Inefficient cookstoves can harm health and the environment due to PM production when cooking with wood biomass [12,13,14]. Smaller PM (<2.5 µm) can reach people’s lungs and drastically impact their health. Furthermore, PM’s composition absorbs solar radiation in the atmosphere, altering the radiative properties of clouds, influencing atmospheric chemistry, and contributing to the greenhouse effect [15,16]. Consequently, it is essential to propose and adopt policies and practices that promote cleaner cooking, including environmentally friendly and energy-sustainable cooking technologies and facilities [5,13]. Compared to traditional three-stone cookstoves, the improved cookstoves have higher thermal efficiency, lower polluting emissions, and lower fuel consumption, reducing harmful impacts on people’s health, ecosystems, and the climate [3,4].

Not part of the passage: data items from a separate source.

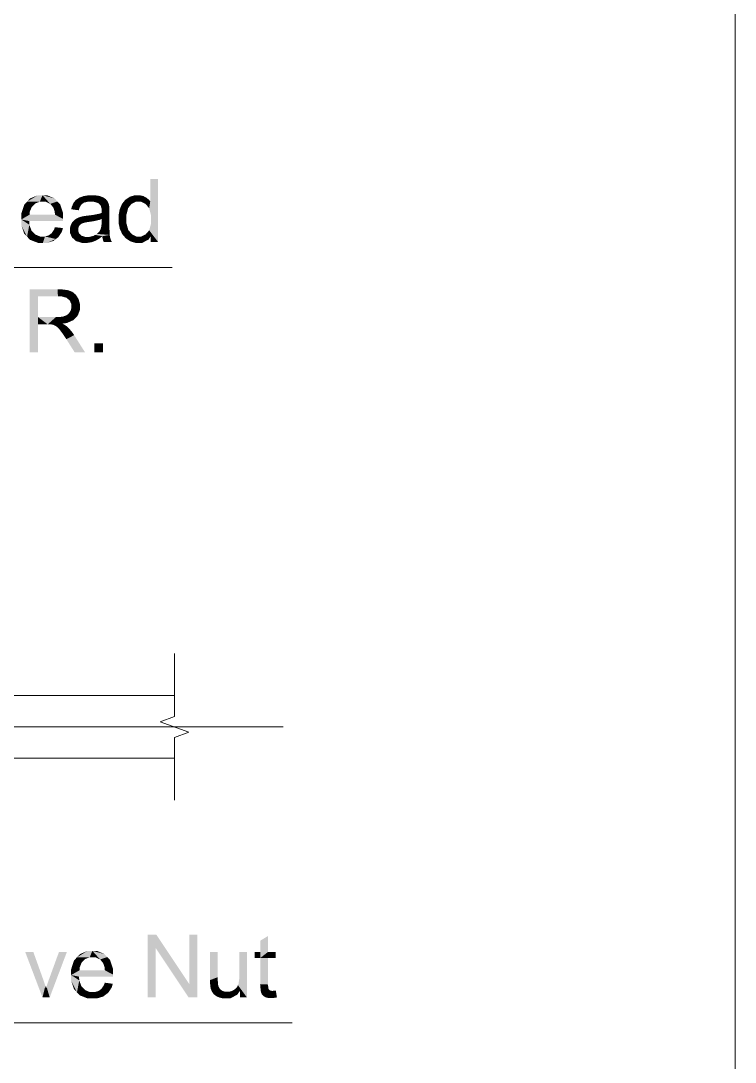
# Model space of a CAD drawing. Header units: millimetres. Extents: x 2 to 579, y 1 to 405.
# Drawn here: x 259.5 to 274.84, y 87.05 to 109.41 of the extents above; entities that cross this region are included whole.
import ezdxf

# ---------------------------------------------------------------- set-up
doc = ezdxf.new("R2010")
doc.units = ezdxf.units.MM
doc.linetypes.add('XKITLINE00', pattern=[0])
doc.layers.add('LinkedObject', color=7, linetype='Continuous', lineweight=0)

# ---------------------------------------------------------------- blocks, each defined once
blk = doc.blocks.new('*A4')
at = {"layer": 'LinkedObject'}
for points in [[(262.446, 106.01), (262.28, 105.526), (262.28, 106.01)], [(262.446, 106.01), (262.295, 105.235), (262.28, 105.526)], [(262.295, 105.235), (262.446, 106.01), (262.446, 104.66)], [(259.864, 105.661), (259.636, 105.524), (259.699, 105.593)], [(259.965, 105.661), (259.636, 105.524), (259.864, 105.661)], [(259.909, 105.524), (259.636, 105.524), (259.965, 105.661)], [(259.909, 105.524), (259.965, 105.661), (259.966, 105.524)], [(259.965, 105.661), (260.029, 105.524), (259.966, 105.524)], [(260.223, 105.594), (259.965, 105.661), (260.063, 105.661)], [(260.285, 105.527), (259.965, 105.661), (260.223, 105.594)], [(260.132, 105.476), (259.965, 105.661), (260.285, 105.527)], [(260.029, 105.524), (259.965, 105.661), (260.132, 105.476)], [(260.681, 105.56), (260.855, 105.503), (260.656, 105.528)], [(260.755, 105.609), (260.855, 105.503), (260.681, 105.56)], [(260.802, 105.626), (260.855, 105.503), (260.755, 105.609)], [(260.961, 105.661), (260.802, 105.626), (260.85, 105.643)], [(260.942, 105.523), (260.802, 105.626), (260.961, 105.661)], [(260.855, 105.503), (260.802, 105.626), (260.942, 105.523)], [(260.942, 105.523), (260.961, 105.661), (261, 105.523)], [(261, 105.523), (260.961, 105.661), (261.062, 105.523)], [(261.024, 105.661), (261.062, 105.523), (260.961, 105.661)], [(261.189, 105.646), (261.024, 105.661), (261.087, 105.661)], [(261.228, 105.631), (261.024, 105.661), (261.189, 105.646)], [(261.157, 105.495), (261.024, 105.661), (261.228, 105.631)], [(261.062, 105.523), (261.024, 105.661), (261.157, 105.495)], [(261.157, 105.495), (261.228, 105.631), (261.188, 105.467)], [(261.188, 105.467), (261.228, 105.631), (261.212, 105.446)], [(261.228, 105.631), (261.235, 105.375), (261.212, 105.446)], [(261.343, 105.557), (261.235, 105.375), (261.228, 105.631)], [(261.324, 105.579), (261.228, 105.631), (261.267, 105.616)], [(261.343, 105.557), (261.228, 105.631), (261.324, 105.579)], [(261.361, 105.535), (261.235, 105.375), (261.343, 105.557)], [(261.745, 105.565), (261.843, 105.433), (261.672, 105.474)], [(261.88, 105.478), (261.745, 105.565), (261.793, 105.597)], [(261.843, 105.433), (261.745, 105.565), (261.88, 105.478)], [(261.842, 105.629), (261.972, 105.523), (261.793, 105.597)], [(261.793, 105.597), (261.972, 105.523), (261.88, 105.478)], [(261.951, 105.661), (261.972, 105.523), (261.842, 105.629)], [(262.011, 105.661), (261.972, 105.523), (261.951, 105.661)], [(261.972, 105.523), (262.011, 105.661), (262.027, 105.523)], [(262.011, 105.661), (262.084, 105.523), (262.027, 105.523)], [(262.055, 105.661), (262.084, 105.523), (262.011, 105.661)], [(262.134, 105.642), (262.084, 105.523), (262.055, 105.661)], [(262.168, 105.623), (262.084, 105.523), (262.134, 105.642)], [(262.168, 105.623), (262.179, 105.476), (262.084, 105.523)], [(262.203, 105.605), (262.179, 105.476), (262.168, 105.623)], [(262.259, 105.556), (262.179, 105.476), (262.203, 105.605)], [(262.28, 105.526), (262.179, 105.476), (262.259, 105.556)], [(259.636, 105.524), (259.509, 105.265), (259.572, 105.456)], [(259.735, 105.41), (259.509, 105.265), (259.636, 105.524)], [(259.692, 105.308), (259.509, 105.265), (259.735, 105.41)], [(259.636, 105.524), (259.774, 105.448), (259.735, 105.41)], [(259.774, 105.448), (259.636, 105.524), (259.813, 105.486)], [(259.813, 105.486), (259.636, 105.524), (259.909, 105.524)], [(260.132, 105.476), (260.285, 105.527), (260.171, 105.429)], [(260.285, 105.527), (260.197, 105.398), (260.171, 105.429)], [(260.197, 105.398), (260.285, 105.527), (260.228, 105.305)], [(260.228, 105.305), (260.285, 105.527), (260.409, 105.273)], [(260.409, 105.273), (260.285, 105.527), (260.347, 105.46)], [(260.656, 105.528), (260.583, 105.36), (260.631, 105.496)], [(260.8, 105.462), (260.583, 105.36), (260.656, 105.528)], [(260.631, 105.496), (260.583, 105.36), (260.594, 105.412)], [(260.759, 105.39), (260.583, 105.36), (260.8, 105.462)], [(260.583, 105.36), (260.759, 105.39), (260.745, 105.338)], [(260.8, 105.462), (260.656, 105.528), (260.828, 105.482)], [(260.828, 105.482), (260.656, 105.528), (260.855, 105.503)], [(261.235, 105.298), (261.399, 105.423), (261.234, 105.281)], [(261.234, 105.281), (261.399, 105.423), (261.235, 105.152)], [(261.387, 105.478), (261.235, 105.375), (261.361, 105.535)], [(261.394, 105.444), (261.235, 105.375), (261.387, 105.478)], [(261.235, 105.375), (261.394, 105.444), (261.399, 105.423)], [(261.235, 105.375), (261.399, 105.423), (261.235, 105.325)], [(261.235, 105.325), (261.399, 105.423), (261.235, 105.32)], [(261.235, 105.32), (261.399, 105.423), (261.235, 105.298)], [(261.403, 105.347), (261.235, 105.152), (261.399, 105.423)], [(261.403, 105.291), (261.235, 105.152), (261.403, 105.347)], [(261.647, 105.414), (261.598, 105.149), (261.623, 105.355)], [(261.806, 105.388), (261.598, 105.149), (261.647, 105.414)], [(261.769, 105.246), (261.598, 105.149), (261.806, 105.388)], [(261.623, 105.355), (261.598, 105.149), (261.598, 105.222)], [(261.672, 105.474), (261.843, 105.433), (261.647, 105.414)], [(261.647, 105.414), (261.843, 105.433), (261.806, 105.388)], [(262.179, 105.476), (262.28, 105.526), (262.218, 105.429)], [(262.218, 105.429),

Specific PM emissions and their composition are affected by the biomass type used as fuel, the combustion conditions, and the cookstove design [5,16]. Therefore, it is crucial to assess emissions and efficiency under various operating and design conditions [15,17,18,19] and conduct chemical and morphological analyses of the generated PM. It is worth noting that the gasification-based biomass cookstoves used here are forced-draft and comprise two stages: the biomass gasifier stage and the combustion chamber located on top of the stove where the producer gas coming from gasification is burned [20]. Forced-draft in gasification-based biomass cookstoves has resulted in PM emission reductions ranging between 21 and 57% [21] due to improved mixing between secondary air and producer gas (tars) [20,22]. Nevertheless, the chemical and morphological characterization of the PM derived from these cookstoves is scarce.

García et al. [23] reported that most studies on PM emitted from biomass cookstoves mainly focused on mass concentration. Therefore, it is crucial to assess the physicochemical properties of PM (beyond particle number concentration, particle size distribution, and carbon fraction and organic and elemental carbon composition), and determine their relationship with cookstove design and fuel type. Similarly, Kuye and Kumar [24], in a review of the physicochemical characteristics of ultrafine particles emitted by domestic combustion of solid fuels, emphasized the limited information available on the physicochemical properties of particulate matter from improved cookstoves. Lindgren et al. [25] evaluated emissions from four types of cookstoves (three-stone stove, rocket stove, natural and forced draft gasification stoves), where the design and combustion zone of the stove, along with the fuel properties, influence the total emissions and the physicochemical characteristics of PM, such as polycyclic aromatic compounds (PAHs), organic and elemental carbon, and inorganic components. Valencia et al. [26] assessed the emissions of pollutants and polycyclic aromatic hydrocarbons (PAHs) from a gasification-based biomass cookstove compared to a three-stone stove. The gasification cookstove reduced CO and total suspended particulate matter (TSPM) by 85% and 89%, respectively. PAHs decreased by over 41% in the gaseous phase and by 98% in particulate matter. Additionally, SEM micrographs of TSPM revealed chain-like agglomerates and separate spheres with a higher fixed carbon content (66%) from the gasification cookstove, in contrast to the amorphous tar-like material found in the 3SF stove, which had a higher volatile matter content (64%). This difference is likely due to the lower oxidation efficiency in the traditional stove.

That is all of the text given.